Knowledge is one of Shyamalan's key tools; he's well-aware of the genre boxes he's ticking, and that his audience will spot what he's doing. Leonard's arrival nods to one of the best horror films ever made, after all, and one of the most heartbreaking scenes committed to celluloid — because when there's a towering figure, a flower and a child, James Whale's Frankenstein comes to mind. Knowledge is the source of tension, actually, given that Knock at the Cabin's opening scene and much that follows have played out on screens before. Three things help keep eyes fixed ahead, pulses racing and unease simmering: waiting to see what the kind but quickly concussed Eric, suspicious and homophobia-suspecting Andrew, and sweet and resourceful Wen will indeed do with this prophesy of impending doom; discovering how true, or not, Leonard and company's claims are; and learning if Shyamalan will toy with, twist and subvert everything viewers know has happened in similar fare, or if and where he won't.
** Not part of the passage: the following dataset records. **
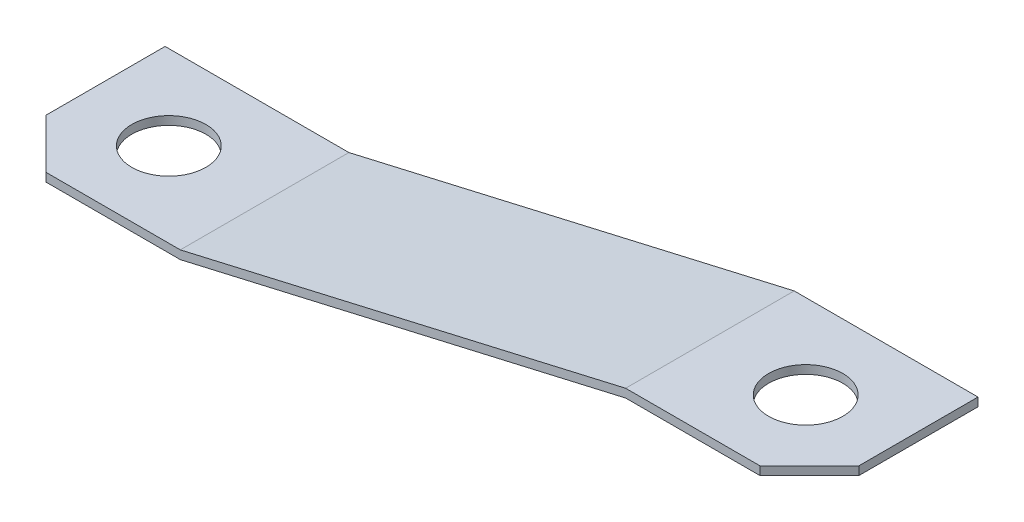
ISO-10303-21;
HEADER;
FILE_DESCRIPTION(('STEP AP214'),'2;1');
FILE_NAME('part.step','',(''),(''),'','','');
FILE_SCHEMA(('AUTOMOTIVE_DESIGN { 1 0 10303 214 1 1 1 1 }'));
ENDSEC;
DATA;
#1=APPLICATION_CONTEXT('core data for automotive mechanical design processes');
#2=APPLICATION_PROTOCOL_DEFINITION('international standard','automotive_design',2000,#1);
#3=PRODUCT_CONTEXT('',#1,'mechanical');
#4=PRODUCT('Part','Part','',(#3));
#5=PRODUCT_RELATED_PRODUCT_CATEGORY('part','',(#4));
#6=PRODUCT_DEFINITION_FORMATION('','',#4);
#7=PRODUCT_DEFINITION_CONTEXT('part definition',#1,'design');
#8=PRODUCT_DEFINITION('design','',#6,#7);
#9=PRODUCT_DEFINITION_SHAPE('','',#8);
#10=(LENGTH_UNIT() NAMED_UNIT(*) SI_UNIT(.MILLI.,.METRE.));
#11=(NAMED_UNIT(*) PLANE_ANGLE_UNIT() SI_UNIT($,.RADIAN.));
#12=(NAMED_UNIT(*) SI_UNIT($,.STERADIAN.) SOLID_ANGLE_UNIT());
#13=UNCERTAINTY_MEASURE_WITH_UNIT(LENGTH_MEASURE(1.E-05),#10,'distance_accuracy_value','');
#14=(GEOMETRIC_REPRESENTATION_CONTEXT(3) GLOBAL_UNCERTAINTY_ASSIGNED_CONTEXT((#13)) GLOBAL_UNIT_ASSIGNED_CONTEXT((#10,
#11,#12)) REPRESENTATION_CONTEXT('',''));
#15=CARTESIAN_POINT('',(0.,0.,0.));
#16=DIRECTION('',(0.,0.,1.));
#17=DIRECTION('',(1.,0.,0.));
#18=AXIS2_PLACEMENT_3D('',#15,#16,#17);
#19=CARTESIAN_POINT('',(-57.3648701182666,-1.2,23.85));
#20=DIRECTION('',(1.,0.,0.));
#21=DIRECTION('',(0.,0.,-1.));
#22=AXIS2_PLACEMENT_3D('',#19,#20,#21);
#23=PLANE('',#22);
#24=DIRECTION('',(0.,0.,-1.));
#25=VECTOR('',#24,1.);
#26=CARTESIAN_POINT('',(-57.3648701182666,-1.2,23.85));
#27=LINE('',#26,#25);
#28=CARTESIAN_POINT('',(-57.3648701182666,-1.2,16.85));
#29=VERTEX_POINT('',#28);
#30=CARTESIAN_POINT('',(-57.3648701182666,-1.2,0.));
#31=VERTEX_POINT('',#30);
#32=EDGE_CURVE('E129',#29,#31,#27,.T.);
#33=ORIENTED_EDGE('',*,*,#32,.F.);
#34=DIRECTION('',(0.,1.,0.));
#35=VECTOR('',#34,1.);
#36=CARTESIAN_POINT('',(-57.3648701182666,-1.2,16.85));
#37=LINE('',#36,#35);
#38=CARTESIAN_POINT('',(-57.3648701182666,0.,16.85));
#39=VERTEX_POINT('',#38);
#40=EDGE_CURVE('E184',#29,#39,#37,.T.);
#41=ORIENTED_EDGE('',*,*,#40,.T.);
#42=DIRECTION('',(0.,0.,-1.));
#43=VECTOR('',#42,1.);
#44=CARTESIAN_POINT('',(-57.3648701182666,0.,23.85));
#45=LINE('',#44,#43);
#46=CARTESIAN_POINT('',(-57.3648701182666,0.,0.));
#47=VERTEX_POINT('',#46);
#48=EDGE_CURVE('E146',#39,#47,#45,.T.);
#49=ORIENTED_EDGE('',*,*,#48,.T.);
#50=DIRECTION('',(0.,-1.,0.));
#51=VECTOR('',#50,1.);
#52=CARTESIAN_POINT('',(-57.3648701182666,-1.2,0.));
#53=LINE('',#52,#51);
#54=EDGE_CURVE('E147',#47,#31,#53,.T.);
#55=ORIENTED_EDGE('',*,*,#54,.T.);
#56=EDGE_LOOP('',(#33,#41,#49,#55));
#57=FACE_BOUND('',#56,.T.);
#58=ADVANCED_FACE('F33',(#57),#23,.F.);
#59=CARTESIAN_POINT('',(-31.3648701182666,-1.2,23.85));
#60=DIRECTION('',(0.,1.,0.));
#61=DIRECTION('',(-1.,0.,0.));
#62=AXIS2_PLACEMENT_3D('',#59,#60,#61);
#63=PLANE('',#62);
#64=CARTESIAN_POINT('',(-44.9148701182666,-1.2,11.925));
#65=DIRECTION('',(0.,1.,0.));
#66=DIRECTION('',(0.,0.,1.));
#67=AXIS2_PLACEMENT_3D('',#64,#65,#66);
#68=CIRCLE('',#67,5.25);
#69=CARTESIAN_POINT('',(-44.9148701182666,-1.2,17.175));
#70=VERTEX_POINT('',#69);
#71=EDGE_CURVE('E264',#70,#70,#68,.T.);
#72=ORIENTED_EDGE('',*,*,#71,.T.);
#73=EDGE_LOOP('',(#72));
#74=FACE_BOUND('',#73,.T.);
#75=DIRECTION('',(1.,0.,0.));
#76=VECTOR('',#75,1.);
#77=CARTESIAN_POINT('',(-31.3648701182666,-1.2,23.85));
#78=LINE('',#77,#76);
#79=CARTESIAN_POINT('',(-50.3648701182666,-1.2,23.85));
#80=VERTEX_POINT('',#79);
#81=CARTESIAN_POINT('',(-31.3648701182666,-1.2,23.85));
#82=VERTEX_POINT('',#81);
#83=EDGE_CURVE('E109',#80,#82,#78,.T.);
#84=ORIENTED_EDGE('',*,*,#83,.F.);
#85=DIRECTION('',(0.707106781186545,0.,0.70710678118655));
#86=VECTOR('',#85,1.);
#87=CARTESIAN_POINT('',(-50.3648701182666,-1.2,23.85));
#88=LINE('',#87,#86);
#89=EDGE_CURVE('E182',#80,#29,#88,.F.);
#90=ORIENTED_EDGE('',*,*,#89,.T.);
#91=ORIENTED_EDGE('',*,*,#32,.T.);
#92=DIRECTION('',(1.,0.,0.));
#93=VECTOR('',#92,1.);
#94=CARTESIAN_POINT('',(-31.3648701182666,-1.2,0.));
#95=LINE('',#94,#93);
#96=CARTESIAN_POINT('',(-31.3648701182666,-1.2,0.));
#97=VERTEX_POINT('',#96);
#98=EDGE_CURVE('E126',#31,#97,#95,.T.);
#99=ORIENTED_EDGE('',*,*,#98,.T.);
#100=DIRECTION('',(0.,0.,-1.));
#101=VECTOR('',#100,1.);
#102=CARTESIAN_POINT('',(-31.3648701182666,-1.2,23.85));
#103=LINE('',#102,#101);
#104=EDGE_CURVE('E123',#82,#97,#103,.T.);
#105=ORIENTED_EDGE('',*,*,#104,.F.);
#106=EDGE_LOOP('',(#84,#90,#91,#99,#105));
#107=FACE_BOUND('',#106,.T.);
#108=ADVANCED_FACE('F124',(#74,#107),#63,.F.);
#109=CARTESIAN_POINT('',(31.6351298817334,13.3446960409105,23.85));
#110=DIRECTION('',(-0.224951054343866,0.974370064785235,0.));
#111=DIRECTION('',(-0.974370064785235,-0.224951054343866,0.));
#112=AXIS2_PLACEMENT_3D('',#109,#110,#111);
#113=PLANE('',#112);
#114=DIRECTION('',(0.974370064785235,0.224951054343866,0.));
#115=VECTOR('',#114,1.);
#116=CARTESIAN_POINT('',(31.6351298817334,13.3446960409105,0.));
#117=LINE('',#116,#115);
#118=CARTESIAN_POINT('',(31.6351298817334,13.3446960409105,0.));
#119=VERTEX_POINT('',#118);
#120=EDGE_CURVE('E151',#97,#119,#117,.T.);
#121=ORIENTED_EDGE('',*,*,#120,.T.);
#122=DIRECTION('',(0.,0.,-1.));
#123=VECTOR('',#122,1.);
#124=CARTESIAN_POINT('',(31.6351298817334,13.3446960409105,23.85));
#125=LINE('',#124,#123);
#126=CARTESIAN_POINT('',(31.6351298817334,13.3446960409105,23.85));
#127=VERTEX_POINT('',#126);
#128=EDGE_CURVE('E130',#127,#119,#125,.T.);
#129=ORIENTED_EDGE('',*,*,#128,.F.);
#130=DIRECTION('',(0.974370064785235,0.224951054343866,0.));
#131=VECTOR('',#130,1.);
#132=CARTESIAN_POINT('',(31.6351298817334,13.3446960409105,23.85));
#133=LINE('',#132,#131);
#134=EDGE_CURVE('E115',#82,#127,#133,.T.);
#135=ORIENTED_EDGE('',*,*,#134,.F.);
#136=ORIENTED_EDGE('',*,*,#104,.T.);
#137=EDGE_LOOP('',(#121,#129,#135,#136));
#138=FACE_BOUND('',#137,.T.);
#139=ADVANCED_FACE('F132',(#138),#113,.F.);
#140=CARTESIAN_POINT('',(57.6351298817334,13.3446960409105,23.85));
#141=DIRECTION('',(0.,1.,0.));
#142=DIRECTION('',(-1.,0.,0.));
#143=AXIS2_PLACEMENT_3D('',#140,#141,#142);
#144=PLANE('',#143);
#145=CARTESIAN_POINT('',(45.1851298817334,13.3446960409105,11.925));
#146=DIRECTION('',(0.,1.,0.));
#147=DIRECTION('',(-1.,0.,0.));
#148=AXIS2_PLACEMENT_3D('',#145,#146,#147);
#149=CIRCLE('',#148,5.25);
#150=CARTESIAN_POINT('',(39.9351298817334,13.3446960409105,11.925));
#151=VERTEX_POINT('',#150);
#152=EDGE_CURVE('E263',#151,#151,#149,.T.);
#153=ORIENTED_EDGE('',*,*,#152,.T.);
#154=EDGE_LOOP('',(#153));
#155=FACE_BOUND('',#154,.T.);
#156=DIRECTION('',(0.,0.,-1.));
#157=VECTOR('',#156,1.);
#158=CARTESIAN_POINT('',(57.6351298817334,13.3446960409105,23.85));
#159=LINE('',#158,#157);
#160=CARTESIAN_POINT('',(57.6351298817334,13.3446960409105,16.85));
#161=VERTEX_POINT('',#160);
#162=CARTESIAN_POINT('',(57.6351298817334,13.3446960409105,0.));
#163=VERTEX_POINT('',#162);
#164=EDGE_CURVE('E174',#161,#163,#159,.T.);
#165=ORIENTED_EDGE('',*,*,#164,.F.);
#166=DIRECTION('',(0.707106781186546,0.,-0.707106781186549));
#167=VECTOR('',#166,1.);
#168=CARTESIAN_POINT('',(50.6351298817334,13.3446960409105,23.85));
#169=LINE('',#168,#167);
#170=CARTESIAN_POINT('',(50.6351298817334,13.3446960409105,23.85));
#171=VERTEX_POINT('',#170);
#172=EDGE_CURVE('E11',#161,#171,#169,.F.);
#173=ORIENTED_EDGE('',*,*,#172,.T.);
#174=DIRECTION('',(1.,0.,0.));
#175=VECTOR('',#174,1.);
#176=CARTESIAN_POINT('',(57.6351298817334,13.3446960409105,23.85));
#177=LINE('',#176,#175);
#178=EDGE_CURVE('E135',#127,#171,#177,.T.);
#179=ORIENTED_EDGE('',*,*,#178,.F.);
#180=ORIENTED_EDGE('',*,*,#128,.T.);
#181=DIRECTION('',(1.,0.,0.));
#182=VECTOR('',#181,1.);
#183=CARTESIAN_POINT('',(57.6351298817334,13.3446960409105,0.));
#184=LINE('',#183,#182);
#185=EDGE_CURVE('E153',#119,#163,#184,.T.);
#186=ORIENTED_EDGE('',*,*,#185,.T.);
#187=EDGE_LOOP('',(#165,#173,#179,#180,#186));
#188=FACE_BOUND('',#187,.T.);
#189=ADVANCED_FACE('F209',(#155,#188),#144,.F.);
#190=CARTESIAN_POINT('',(57.6351298817334,14.5446960409105,23.85));
#191=DIRECTION('',(-1.,0.,0.));
#192=DIRECTION('',(0.,-1.,0.));
#193=AXIS2_PLACEMENT_3D('',#190,#191,#192);
#194=PLANE('',#193);
#195=DIRECTION('',(0.,0.,-1.));
#196=VECTOR('',#195,1.);
#197=CARTESIAN_POINT('',(57.6351298817334,14.5446960409105,23.85));
#198=LINE('',#197,#196);
#199=CARTESIAN_POINT('',(57.6351298817334,14.5446960409105,16.85));
#200=VERTEX_POINT('',#199);
#201=CARTESIAN_POINT('',(57.6351298817334,14.5446960409105,0.));
#202=VERTEX_POINT('',#201);
#203=EDGE_CURVE('E172',#200,#202,#198,.T.);
#204=ORIENTED_EDGE('',*,*,#203,.F.);
#205=DIRECTION('',(0.,-1.,0.));
#206=VECTOR('',#205,1.);
#207=CARTESIAN_POINT('',(57.6351298817334,14.5446960409105,16.85));
#208=LINE('',#207,#206);
#209=EDGE_CURVE('E42',#200,#161,#208,.T.);
#210=ORIENTED_EDGE('',*,*,#209,.T.);
#211=ORIENTED_EDGE('',*,*,#164,.T.);
#212=DIRECTION('',(0.,1.,0.));
#213=VECTOR('',#212,1.);
#214=CARTESIAN_POINT('',(57.6351298817334,14.5446960409105,0.));
#215=LINE('',#214,#213);
#216=EDGE_CURVE('E156',#163,#202,#215,.T.);
#217=ORIENTED_EDGE('',*,*,#216,.T.);
#218=EDGE_LOOP('',(#204,#210,#211,#217));
#219=FACE_BOUND('',#218,.T.);
#220=ADVANCED_FACE('F234',(#219),#194,.F.);
#221=CARTESIAN_POINT('',(31.6351298817334,14.5446960409105,23.85));
#222=DIRECTION('',(0.,-1.,0.));
#223=DIRECTION('',(1.,0.,0.));
#224=AXIS2_PLACEMENT_3D('',#221,#222,#223);
#225=PLANE('',#224);
#226=CARTESIAN_POINT('',(45.1851298817334,14.5446960409105,11.925));
#227=DIRECTION('',(0.,1.,0.));
#228=DIRECTION('',(0.,0.,-1.));
#229=AXIS2_PLACEMENT_3D('',#226,#227,#228);
#230=CIRCLE('',#229,5.25);
#231=CARTESIAN_POINT('',(45.1851298817334,14.5446960409105,6.675));
#232=VERTEX_POINT('',#231);
#233=EDGE_CURVE('E260',#232,#232,#230,.T.);
#234=ORIENTED_EDGE('',*,*,#233,.F.);
#235=EDGE_LOOP('',(#234));
#236=FACE_BOUND('',#235,.T.);
#237=DIRECTION('',(-1.,0.,0.));
#238=VECTOR('',#237,1.);
#239=CARTESIAN_POINT('',(31.6351298817334,14.5446960409105,23.85));
#240=LINE('',#239,#238);
#241=CARTESIAN_POINT('',(50.6351298817334,14.5446960409105,23.85));
#242=VERTEX_POINT('',#241);
#243=CARTESIAN_POINT('',(31.6351298817334,14.5446960409105,23.85));
#244=VERTEX_POINT('',#243);
#245=EDGE_CURVE('E137',#242,#244,#240,.T.);
#246=ORIENTED_EDGE('',*,*,#245,.F.);
#247=DIRECTION('',(-0.707106781186546,0.,0.707106781186549));
#248=VECTOR('',#247,1.);
#249=CARTESIAN_POINT('',(50.6351298817334,14.5446960409105,23.85));
#250=LINE('',#249,#248);
#251=EDGE_CURVE('E56',#242,#200,#250,.F.);
#252=ORIENTED_EDGE('',*,*,#251,.T.);
#253=ORIENTED_EDGE('',*,*,#203,.T.);
#254=DIRECTION('',(-1.,0.,0.));
#255=VECTOR('',#254,1.);
#256=CARTESIAN_POINT('',(31.6351298817334,14.5446960409105,0.));
#257=LINE('',#256,#255);
#258=CARTESIAN_POINT('',(31.6351298817334,14.5446960409105,0.));
#259=VERTEX_POINT('',#258);
#260=EDGE_CURVE('E159',#202,#259,#257,.T.);
#261=ORIENTED_EDGE('',*,*,#260,.T.);
#262=DIRECTION('',(0.,0.,-1.));
#263=VECTOR('',#262,1.);
#264=CARTESIAN_POINT('',(31.6351298817334,14.5446960409105,23.85));
#265=LINE('',#264,#263);
#266=EDGE_CURVE('E169',#244,#259,#265,.T.);
#267=ORIENTED_EDGE('',*,*,#266,.F.);
#268=EDGE_LOOP('',(#246,#252,#253,#261,#267));
#269=FACE_BOUND('',#268,.T.);
#270=ADVANCED_FACE('F238',(#236,#269),#225,.F.);
#271=CARTESIAN_POINT('',(-31.3648701182666,0.,23.85));
#272=DIRECTION('',(0.224951054343865,-0.974370064785235,0.));
#273=DIRECTION('',(0.974370064785235,0.224951054343865,0.));
#274=AXIS2_PLACEMENT_3D('',#271,#272,#273);
#275=PLANE('',#274);
#276=DIRECTION('',(-0.974370064785235,-0.224951054343865,0.));
#277=VECTOR('',#276,1.);
#278=CARTESIAN_POINT('',(-31.3648701182666,0.,0.));
#279=LINE('',#278,#277);
#280=CARTESIAN_POINT('',(-31.3648701182666,0.,0.));
#281=VERTEX_POINT('',#280);
#282=EDGE_CURVE('E161',#259,#281,#279,.T.);
#283=ORIENTED_EDGE('',*,*,#282,.T.);
#284=DIRECTION('',(0.,0.,-1.));
#285=VECTOR('',#284,1.);
#286=CARTESIAN_POINT('',(-31.3648701182666,0.,23.85));
#287=LINE('',#286,#285);
#288=CARTESIAN_POINT('',(-31.3648701182666,0.,23.85));
#289=VERTEX_POINT('',#288);
#290=EDGE_CURVE('E166',#289,#281,#287,.T.);
#291=ORIENTED_EDGE('',*,*,#290,.F.);
#292=DIRECTION('',(-0.974370064785235,-0.224951054343865,0.));
#293=VECTOR('',#292,1.);
#294=CARTESIAN_POINT('',(-31.3648701182666,0.,23.85));
#295=LINE('',#294,#293);
#296=EDGE_CURVE('E142',#244,#289,#295,.T.);
#297=ORIENTED_EDGE('',*,*,#296,.F.);
#298=ORIENTED_EDGE('',*,*,#266,.T.);
#299=EDGE_LOOP('',(#283,#291,#297,#298));
#300=FACE_BOUND('',#299,.T.);
#301=ADVANCED_FACE('F241',(#300),#275,.F.);
#302=CARTESIAN_POINT('',(-57.3648701182666,0.,23.85));
#303=DIRECTION('',(0.,-1.,0.));
#304=DIRECTION('',(0.,0.,-1.));
#305=AXIS2_PLACEMENT_3D('',#302,#303,#304);
#306=PLANE('',#305);
#307=CARTESIAN_POINT('',(-44.9148701182666,0.,11.925));
#308=DIRECTION('',(0.,-1.,0.));
#309=DIRECTION('',(0.,0.,-1.));
#310=AXIS2_PLACEMENT_3D('',#307,#308,#309);
#311=CIRCLE('',#310,5.25);
#312=CARTESIAN_POINT('',(-44.9148701182666,0.,6.67500000000001));
#313=VERTEX_POINT('',#312);
#314=EDGE_CURVE('E37',#313,#313,#311,.T.);
#315=ORIENTED_EDGE('',*,*,#314,.T.);
#316=EDGE_LOOP('',(#315));
#317=FACE_BOUND('',#316,.T.);
#318=ORIENTED_EDGE('',*,*,#48,.F.);
#319=DIRECTION('',(-0.707106781186545,0.,-0.70710678118655));
#320=VECTOR('',#319,1.);
#321=CARTESIAN_POINT('',(-50.3648701182666,0.,23.85));
#322=LINE('',#321,#320);
#323=CARTESIAN_POINT('',(-50.3648701182666,0.,23.85));
#324=VERTEX_POINT('',#323);
#325=EDGE_CURVE('E186',#39,#324,#322,.F.);
#326=ORIENTED_EDGE('',*,*,#325,.T.);
#327=DIRECTION('',(-1.,0.,0.));
#328=VECTOR('',#327,1.);
#329=CARTESIAN_POINT('',(-57.3648701182666,0.,23.85));
#330=LINE('',#329,#328);
#331=EDGE_CURVE('E144',#289,#324,#330,.T.);
#332=ORIENTED_EDGE('',*,*,#331,.F.);
#333=ORIENTED_EDGE('',*,*,#290,.T.);
#334=DIRECTION('',(-1.,0.,0.));
#335=VECTOR('',#334,1.);
#336=CARTESIAN_POINT('',(-57.3648701182666,0.,0.));
#337=LINE('',#336,#335);
#338=EDGE_CURVE('E120',#281,#47,#337,.T.);
#339=ORIENTED_EDGE('',*,*,#338,.T.);
#340=EDGE_LOOP('',(#318,#326,#332,#333,#339));
#341=FACE_BOUND('',#340,.T.);
#342=ADVANCED_FACE('F193',(#317,#341),#306,.F.);
#343=CARTESIAN_POINT('',(0.,0.,23.85));
#344=DIRECTION('',(0.,0.,-1.));
#345=DIRECTION('',(-1.,0.,0.));
#346=AXIS2_PLACEMENT_3D('',#343,#344,#345);
#347=PLANE('',#346);
#348=ORIENTED_EDGE('',*,*,#331,.T.);
#349=DIRECTION('',(0.,-1.,0.));
#350=VECTOR('',#349,1.);
#351=CARTESIAN_POINT('',(-50.3648701182666,0.,23.85));
#352=LINE('',#351,#350);
#353=EDGE_CURVE('E118',#324,#80,#352,.T.);
#354=ORIENTED_EDGE('',*,*,#353,.T.);
#355=ORIENTED_EDGE('',*,*,#83,.T.);
#356=ORIENTED_EDGE('',*,*,#134,.T.);
#357=ORIENTED_EDGE('',*,*,#178,.T.);
#358=DIRECTION('',(0.,1.,0.));
#359=VECTOR('',#358,1.);
#360=CARTESIAN_POINT('',(50.6351298817334,-2.92793161716601E-13,23.85));
#361=LINE('',#360,#359);
#362=EDGE_CURVE('E178',#171,#242,#361,.T.);
#363=ORIENTED_EDGE('',*,*,#362,.T.);
#364=ORIENTED_EDGE('',*,*,#245,.T.);
#365=ORIENTED_EDGE('',*,*,#296,.T.);
#366=EDGE_LOOP('',(#348,#354,#355,#356,#357,#363,#364,#365));
#367=FACE_BOUND('',#366,.T.);
#368=ADVANCED_FACE('F112',(#367),#347,.F.);
#369=CARTESIAN_POINT('',(0.,0.,0.));
#370=DIRECTION('',(0.,0.,-1.));
#371=DIRECTION('',(-1.,0.,0.));
#372=AXIS2_PLACEMENT_3D('',#369,#370,#371);
#373=PLANE('',#372);
#374=ORIENTED_EDGE('',*,*,#54,.F.);
#375=ORIENTED_EDGE('',*,*,#338,.F.);
#376=ORIENTED_EDGE('',*,*,#282,.F.);
#377=ORIENTED_EDGE('',*,*,#260,.F.);
#378=ORIENTED_EDGE('',*,*,#216,.F.);
#379=ORIENTED_EDGE('',*,*,#185,.F.);
#380=ORIENTED_EDGE('',*,*,#120,.F.);
#381=ORIENTED_EDGE('',*,*,#98,.F.);
#382=EDGE_LOOP('',(#374,#375,#376,#377,#378,#379,#380,#381));
#383=FACE_BOUND('',#382,.T.);
#384=ADVANCED_FACE('F204',(#383),#373,.T.);
#385=CARTESIAN_POINT('',(-50.3648701182666,0.,23.85));
#386=DIRECTION('',(0.70710678118655,0.,-0.707106781186545));
#387=DIRECTION('',(0.,-1.,0.));
#388=AXIS2_PLACEMENT_3D('',#385,#386,#387);
#389=PLANE('',#388);
#390=ORIENTED_EDGE('',*,*,#325,.F.);
#391=ORIENTED_EDGE('',*,*,#40,.F.);
#392=ORIENTED_EDGE('',*,*,#89,.F.);
#393=ORIENTED_EDGE('',*,*,#353,.F.);
#394=EDGE_LOOP('',(#390,#391,#392,#393));
#395=FACE_BOUND('',#394,.T.);
#396=ADVANCED_FACE('F198',(#395),#389,.F.);
#397=CARTESIAN_POINT('',(50.6351298817334,-2.92793161716601E-13,23.85));
#398=DIRECTION('',(-0.707106781186549,0.,-0.707106781186546));
#399=DIRECTION('',(0.,1.,0.));
#400=AXIS2_PLACEMENT_3D('',#397,#398,#399);
#401=PLANE('',#400);
#402=ORIENTED_EDGE('',*,*,#172,.F.);
#403=ORIENTED_EDGE('',*,*,#209,.F.);
#404=ORIENTED_EDGE('',*,*,#251,.F.);
#405=ORIENTED_EDGE('',*,*,#362,.F.);
#406=EDGE_LOOP('',(#402,#403,#404,#405));
#407=FACE_BOUND('',#406,.T.);
#408=ADVANCED_FACE('F35',(#407),#401,.F.);
#409=CARTESIAN_POINT('',(-44.9148701182666,-1.2,11.925));
#410=DIRECTION('',(0.,1.,0.));
#411=DIRECTION('',(0.,0.,1.));
#412=AXIS2_PLACEMENT_3D('',#409,#410,#411);
#413=CYLINDRICAL_SURFACE('',#412,5.25);
#414=ORIENTED_EDGE('',*,*,#71,.F.);
#415=EDGE_LOOP('',(#414));
#416=FACE_BOUND('',#415,.T.);
#417=ORIENTED_EDGE('',*,*,#314,.F.);
#418=EDGE_LOOP('',(#417));
#419=FACE_BOUND('',#418,.T.);
#420=ADVANCED_FACE('F214',(#416,#419),#413,.F.);
#421=CARTESIAN_POINT('',(45.1851298817334,-1.2,11.925));
#422=DIRECTION('',(0.,1.,0.));
#423=DIRECTION('',(0.,0.,1.));
#424=AXIS2_PLACEMENT_3D('',#421,#422,#423);
#425=CYLINDRICAL_SURFACE('',#424,5.25);
#426=ORIENTED_EDGE('',*,*,#233,.T.);
#427=EDGE_LOOP('',(#426));
#428=FACE_BOUND('',#427,.T.);
#429=ORIENTED_EDGE('',*,*,#152,.F.);
#430=EDGE_LOOP('',(#429));
#431=FACE_BOUND('',#430,.T.);
#432=ADVANCED_FACE('F219',(#428,#431),#425,.F.);
#433=CLOSED_SHELL('',(#58,#108,#139,#189,#220,#270,#301,#342,#368,#384,#396,#408,#420,#432));
#434=MANIFOLD_SOLID_BREP('B2',#433);
#435=ADVANCED_BREP_SHAPE_REPRESENTATION('',(#18,#434),#14);
#436=SHAPE_DEFINITION_REPRESENTATION(#9,#435);
ENDSEC;
END-ISO-10303-21;

Knock at the Cabin's creative force gets playful via his lead alone, instantly lacing his movie with unease and uncertainty through Bautista's presence. The heft that's made the wrestler-turned-actor famous, including as Guardians of the Galaxy's Drax the Destroyer, is impossible to avoid — but so is Leonard's polite demeanour, bookish glasses and button-up shirt, each befitting his pre-apocalypse job. Cinematographers Jarin Blaschke (The Northman) and Lowell A Meyer (Servant) repeatedly emphasise Bautista's size, with the film's array of angles frequently framing its literal biggest player to appear as threatening as possible. The actor's portrayal is controlled and restrained, however, which makes for an unnerving contrast. In his most compelling and complex performance yet, Bautista is hypnotic — imposing, ardent, earnest and tender as well — as a man zealously committed yet also visibly pained over what he's doing.

Shyamalan certainly doesn't have a casting problem here — Grint keeps flourishing in his projects, as seen in Servant; Groff, Aldridge and Cui make a charming family, even in such tough circumstances; and Amuka-Bird and Quinn invest their characters with heart and sincerity — or any issues sparking interest. He's at the top of his craft, too, with Knock at the Cabin's mix of roving and close-up visuals claustrophobic, disquieting, nimble and handsomely staged all at once. And, while the movie's first two thirds exceed its final act, he's made a mostly single-location affair with as straightforward a plot as he's worked with that's largely gripping. While its questions about what we choose to put our faith in and why are as obvious as one late easy reveal, Knock at the Cabin earns two firm beliefs: in Shyamalan messing with vacations again, and in Bautista at his best.